I like to go a different direction here.
We are unable to comprehend all possible effects of our decisions; therefore, our answers to even the most basic real-world utilitarian problems (in which we must consider that in the real world, each decision made can have far-reaching, cascading effects, whether forseeable or not, many of which will appear entirely unrelated) could be wrong. Therefore, the correct decision in any situation is any decision made with good intentions!
This does, however, lead us to the problem of defining the term "made with good intentions". How do we qualify good intentions? Is a decision morally right if it simply is not made with evil intentions? Or are all decisions not explicitly made for well-intentioned reasons immoral? (Likely, it's somewhere in the middle.) We've simply converted the measurement problem of utilitarianism ("How do we measure the value of a decision?") into a boundary problem ("Where do we draw the line between good and bad intentions?").

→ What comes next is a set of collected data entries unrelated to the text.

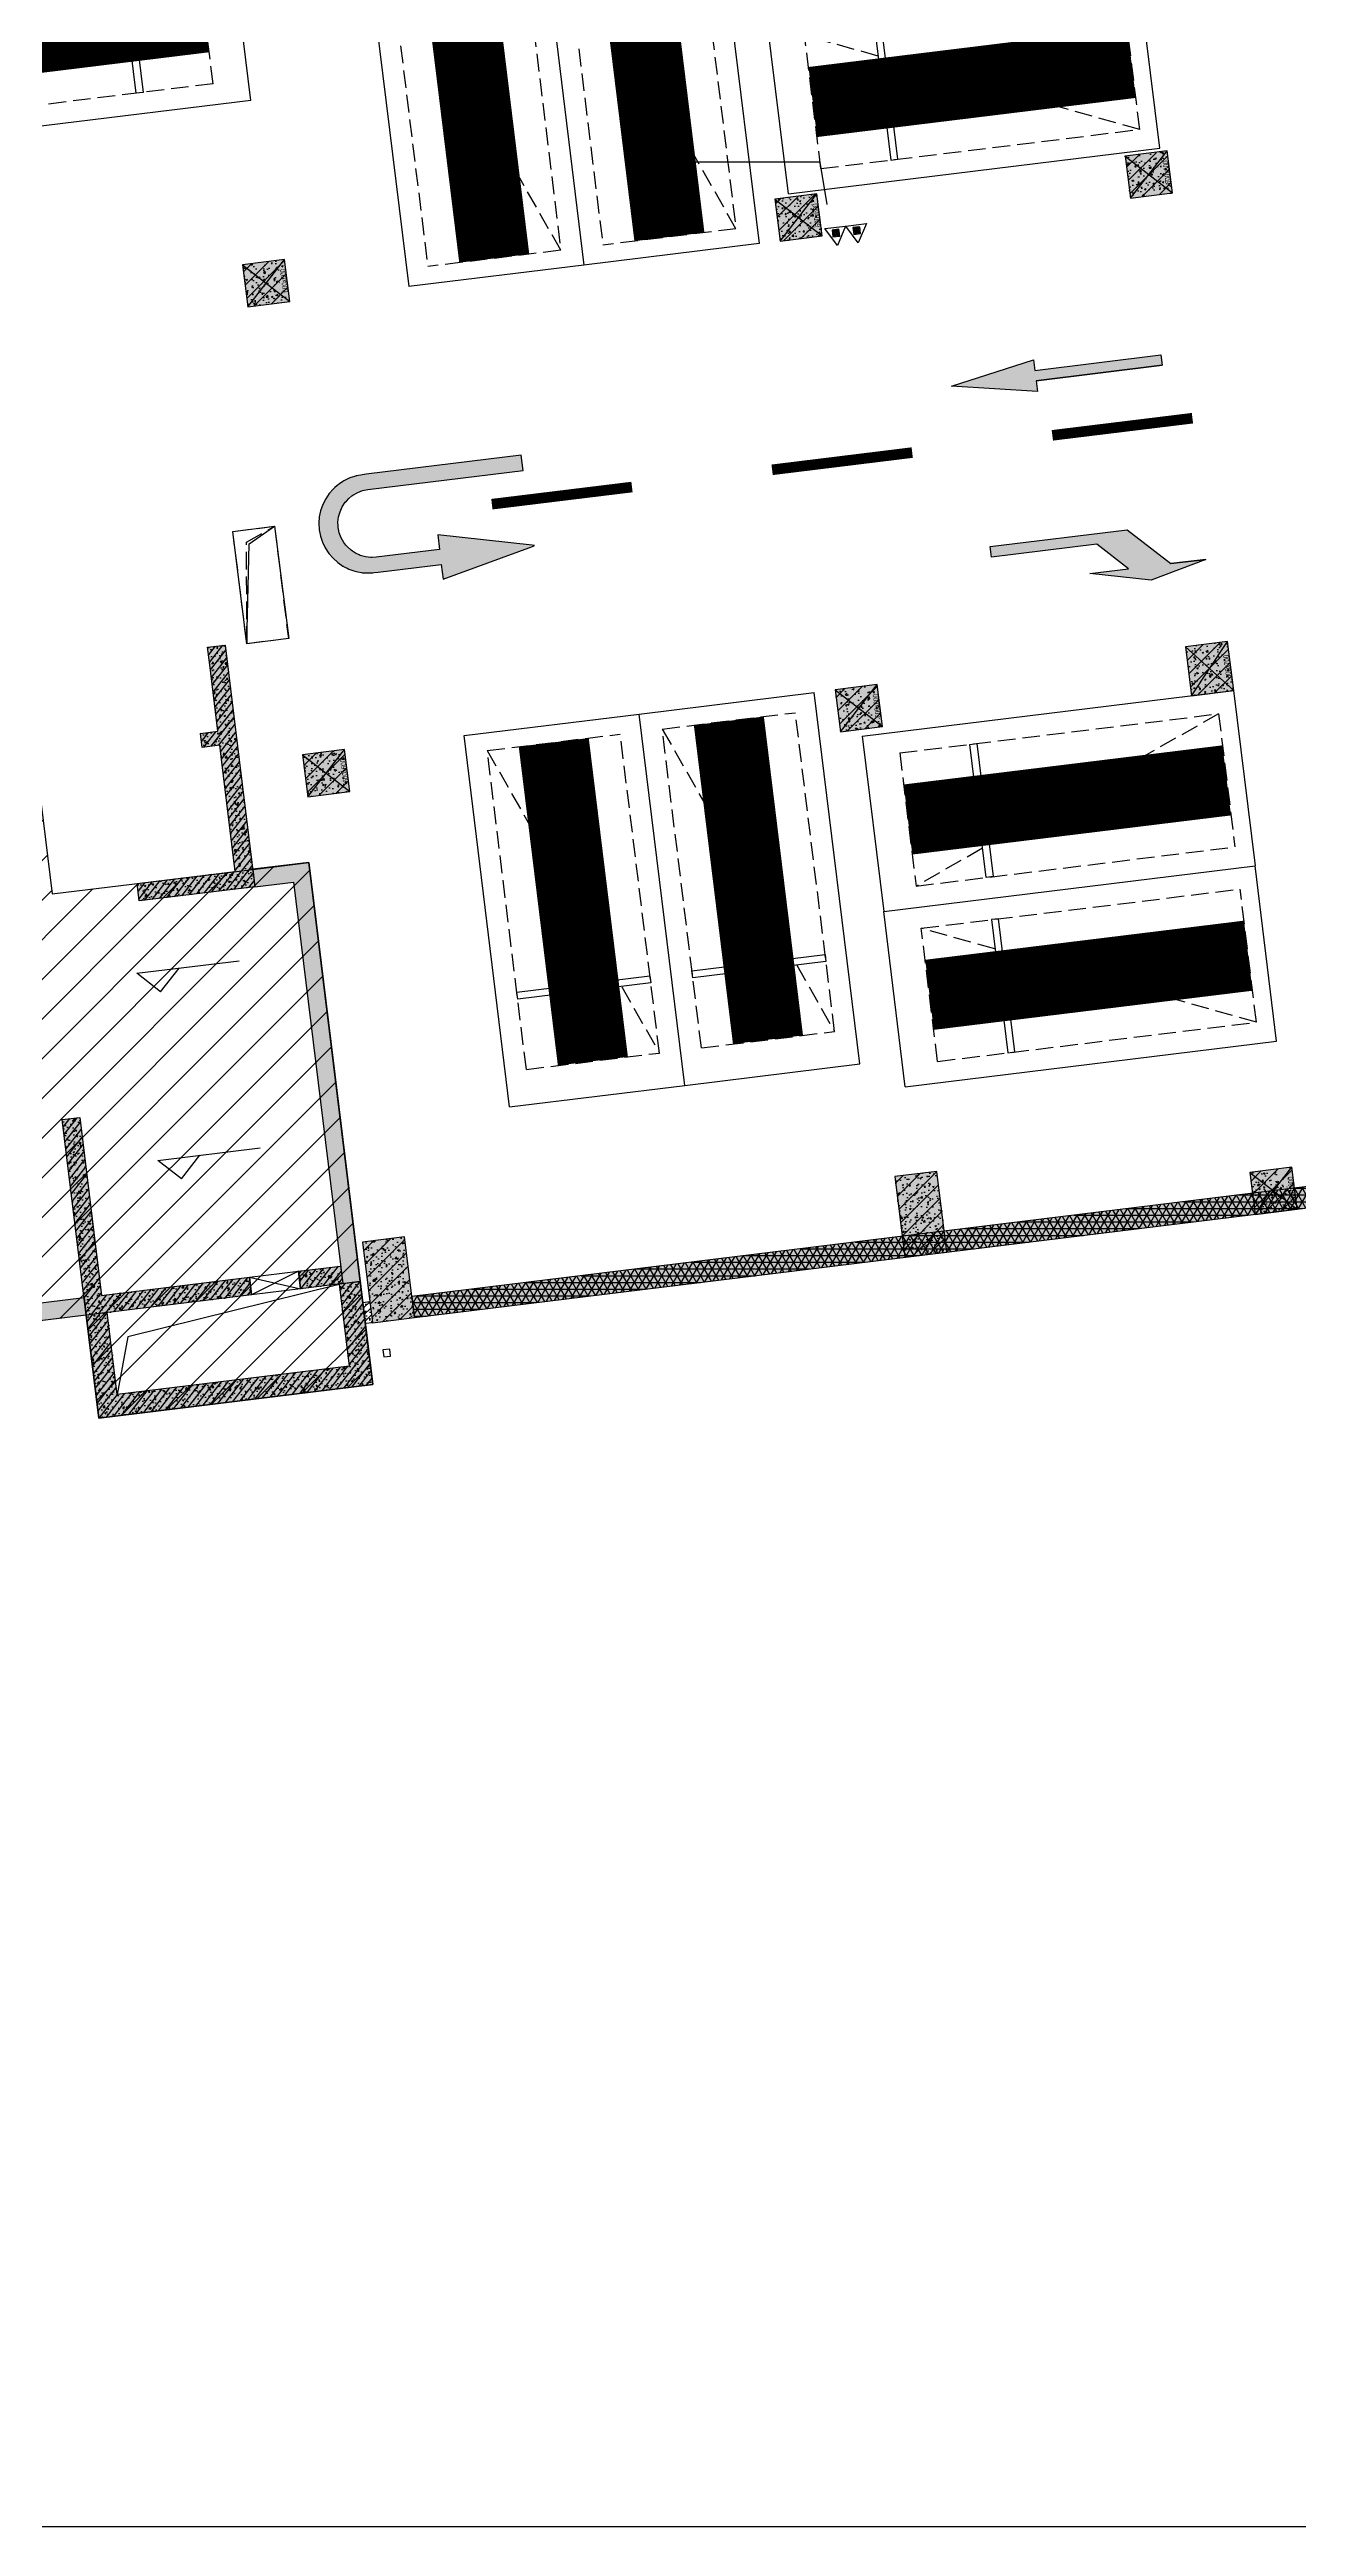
# Model space of a CAD drawing. Extents: x -1338203 to 1886333, y -783476 to 1038610.
# Drawn here: x 813961 to 831654, y -19335 to 15748 of the extents above; entities that cross this region are included whole.
import ezdxf
from ezdxf.enums import TextEntityAlignment as Align

# ---------------------------------------------------------------- set-up
doc = ezdxf.new("R2010")
doc.units = 0
doc.header["$LTSCALE"] = 1000
doc.header["$MEASUREMENT"] = 0
doc.linetypes.add('A-001-平面B2$0$__DASH', pattern=[0.35, 0.25, -0.1])
doc.linetypes.add('DASH', pattern=[0.35, 0.25, -0.1])
for name, color, linetype in [('$0$0A-O-HOLE', 52, 'Continuous'), ('0A-P-PKNG-LINE', 9, 'Continuous'), ('A-001-主楼相对位置参照$0$SURFACE', 6, 'Continuous'), ('A-001-车位参照B1$0$A-001-车位参照B1$0$0A-P-PKNG-CAR(A)', 43, 'Continuous'), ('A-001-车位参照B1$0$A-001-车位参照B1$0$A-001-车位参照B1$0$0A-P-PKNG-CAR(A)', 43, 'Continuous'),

How do we deal with boundary problems like this? How do we reconcile the idea that two people applying the same measurement system can come to completely different conclusions about a decision? The obvious answer is moral relativism--but of course, it's not quite that simple. What if absolute right and wrong do exist, but are impossible for us to know? As none of us are able to determine morality objectively, we cannot operate on a system of objective morality. Therefore, it is perhaps most practical to believe in absolute morality, but think as if you believed in moral relativism.